- Army (above) and Air Force and Space Force (below) ribbons
- Type: Ribbon
- Awarded for: Completion of the Basic Leader Course
- Presented by: Department of the Army Department of the Air Force
- Status: Current
- Established: 1981 (U.S. Army), 1962 (Air and Space Forces)

Precedence
- Next (higher): Armed Forces Reserve Medal
- Next (lower): Army: Army Service Ribbon Air and Space Forces: Basic Military Training Honor Graduate Ribbon

= Non-Commissioned Officer Professional Development Ribbon =

US Army, Air Force, and Space Force award

A Noncommissioned Officer Professional Development Ribbon is an award presented by the United States Army, Air Force, and Space Force to recognize those noncommissioned officers (NCOs) who have completed a prescribed leadership course at an NCO training school. The Navy, Marine Corps, and Coast Guard have no equivalent to the Noncommissioned Officer Development Ribbon.

==Army==
The NCO Professional Development Ribbon (established in 1981) is issued by the U.S. Army for completion of any prescribed NCO development courses. The first award of the NCO Professional Development Ribbon is issued for completion of the Basic Leader Course (BLC [former titles of BLC include: the "Warrior Leader Course", "Primary NCO Course", "Combat Army Course", and the "Primary Leadership Development Course"]). When a soldier completes additional schooling such as the Advanced Leaders Course (ALC), Senior Leaders Course (SLC), and Master Leader Course (MLC), an award numeral is worn on the ribbon to denote subsequent satisfactory completion of those courses (2, 3, & 4 respectively). Currently, the numeral "5" is authorized for graduation from the US Army Sergeant Major Academy's 'Sergeants Major Course'. Graduates of the Battle Staff NCO Course, and the legacy First Sergeant Course, do not receive a numeral device for graduation from those courses. The highest numeral authorized for the NCO Professional Development Ribbon is "6" for graduates of the Nominative Leaders Course (NLC). NLC is a two-week strategic leader development course designed to prepare nominative Command Sergeants Major (CSM) and Sergeants Major (SGM) for their duties as CSMs for commanders of 1-2 star Army commands, and Staff Section SGMs at HQDA level of responsibilities.
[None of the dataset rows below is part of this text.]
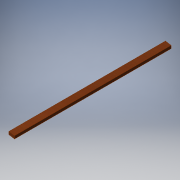
# Autodesk Inventor part: Back 2x4
Saved by Autodesk Inventor 2016 (Build 200138000, 138)
## iProperties
Created: 2015-07-07
Part Number: Back 2x4
Material: Wood (Walnut)
Document SubType Name: Modeling
Designer: steele
Density: 0.55 g/cm^3
Appearance: Walnut - Natural Polished
Author: steele
Autodesk Inventor part; units mm, degrees
ref_plane "YZ Plane" through (0, 0, 0) normal (1, 0, 0) x (0, 1, 0)
ref_plane "XZ Plane" through (0, 0, 0) normal (0, 1, 0) x (-1, 0, 0)
ref_plane "XY Plane" through (0, 0, 0) normal (0, 0, 1) x (1, 0, 0)
sketch "Sketch1" plane through (0, 0, 0) normal (0, 1, 0) x (-1, 0, 0)
  line L0 (-44.45, 1047.242) -> (-44.45, -1047.242)
  line L1 (-44.45, -1047.242) -> (44.45, -1047.242)
  line L2 (44.45, -1047.242) -> (44.45, 1047.242)
  line L3 (44.45, 1047.242) -> (-44.45, 1047.242)
  line L4 (-44.45, 1047.242) -> (44.45, -1047.242) construction
  line L5 (-44.45, -1047.242) -> (44.45, 1047.242) construction
  point P0 (0, 0)
  dimension "d0" = 2094.484
  dimension "d1" = 88.9
  constraints: 12 end point, 2 midpoint, 2 parallel, 1 perpendicular, 1 vertical
  measures "d0" distance of L1.end L2.end
  measures "d1" distance of L2.end L0.start
extrude "Extrusion1" add sketch "Sketch1" along normal blind 38.1
sketch "Sketch4" plane through (0, 38.1, 0) normal (0, 1, 0) x (1, 0, 0)
  line L0 (-44.45, 1047.242) -> (-44.45, -1047.242) projected
  line L1 (-44.45, -1047.242) -> (44.45, -1061.3224)
  line L2 (44.45, -1047.242) -> (44.45, 1047.242) projected
  line L3 (44.45, -1061.3224) -> (44.45, -1047.242)
  line L4 (-44.45, -1047.242) -> (44.45, -1047.242) projected
  point P0 (0, 0)
  dimension "d8" = 9
  constraints: 4 end point, 1 collinear
  measures "d8" angle of L1 L4
extrude "Extrusion3" add sketch "Sketch4" against normal blind 38.1
sketch "Sketch5" plane through (0, 38.1, 0) normal (0, 1, 0) x (1, 0, 0)
  line L0 (44.45, -1061.3224) -> (44.45, 1047.242) projected
  line L1 (44.45, 1047.242) -> (-44.45, 1061.3224)
  line L2 (44.45, 1047.242) -> (-44.45, 1047.242) projected
  line L3 (-44.45, 1061.3224) -> (-44.45, 1047.242)
  line L4 (-44.45, 1047.242) -> (44.45, 1047.242)
  line L5 (-44.45, 1047.242) -> (-44.45, -1047.242) projected
  point P0 (0, 0)
  dimension "d11" = 9
  constraints: 6 end point, 2 collinear
  measures "d11" angle of L1 L2
extrude "Extrusion4" add sketch "Sketch5" against normal blind 38.1
body "Solid1"

The Army NCO Professional Development Ribbon is a green ribbon 1+3/8 in wide. It has a center strip of 1/4 in of Flag Blue, bordered by 1/16 in stripes of yellow. Equidistant from the edge and center stripes on each side are 1/8 in stripes of yellow. The green and yellow of the ribbon represent the chevrons worn by NCOs. The central stripe of blue represents support of the United States.

==Air Force and Space Force==
The NCO Professional Military Education Graduate Ribbon was established by the Secretary of the Air Force on 28 August 1962. The ribbon is awarded to NCOs of the US Air Force and US Space Force for completion of prescribed NCO professional development programs. Approved programs are the NCO Preparatory Course, Airman Leadership School, NCO Leadership School, NCO Academy, and Senior NCO Academy. Select professional development programs of other services may also be counted for award of the ribbon. Eligible courses are the Army Sergeants Major Academy, Navy Senior Enlisted Academy, and Coast Guard Chief Petty Officer Academy. Additional awards of the NCO Professional Military Education Graduate Ribbon are denoted by oak leaf clusters.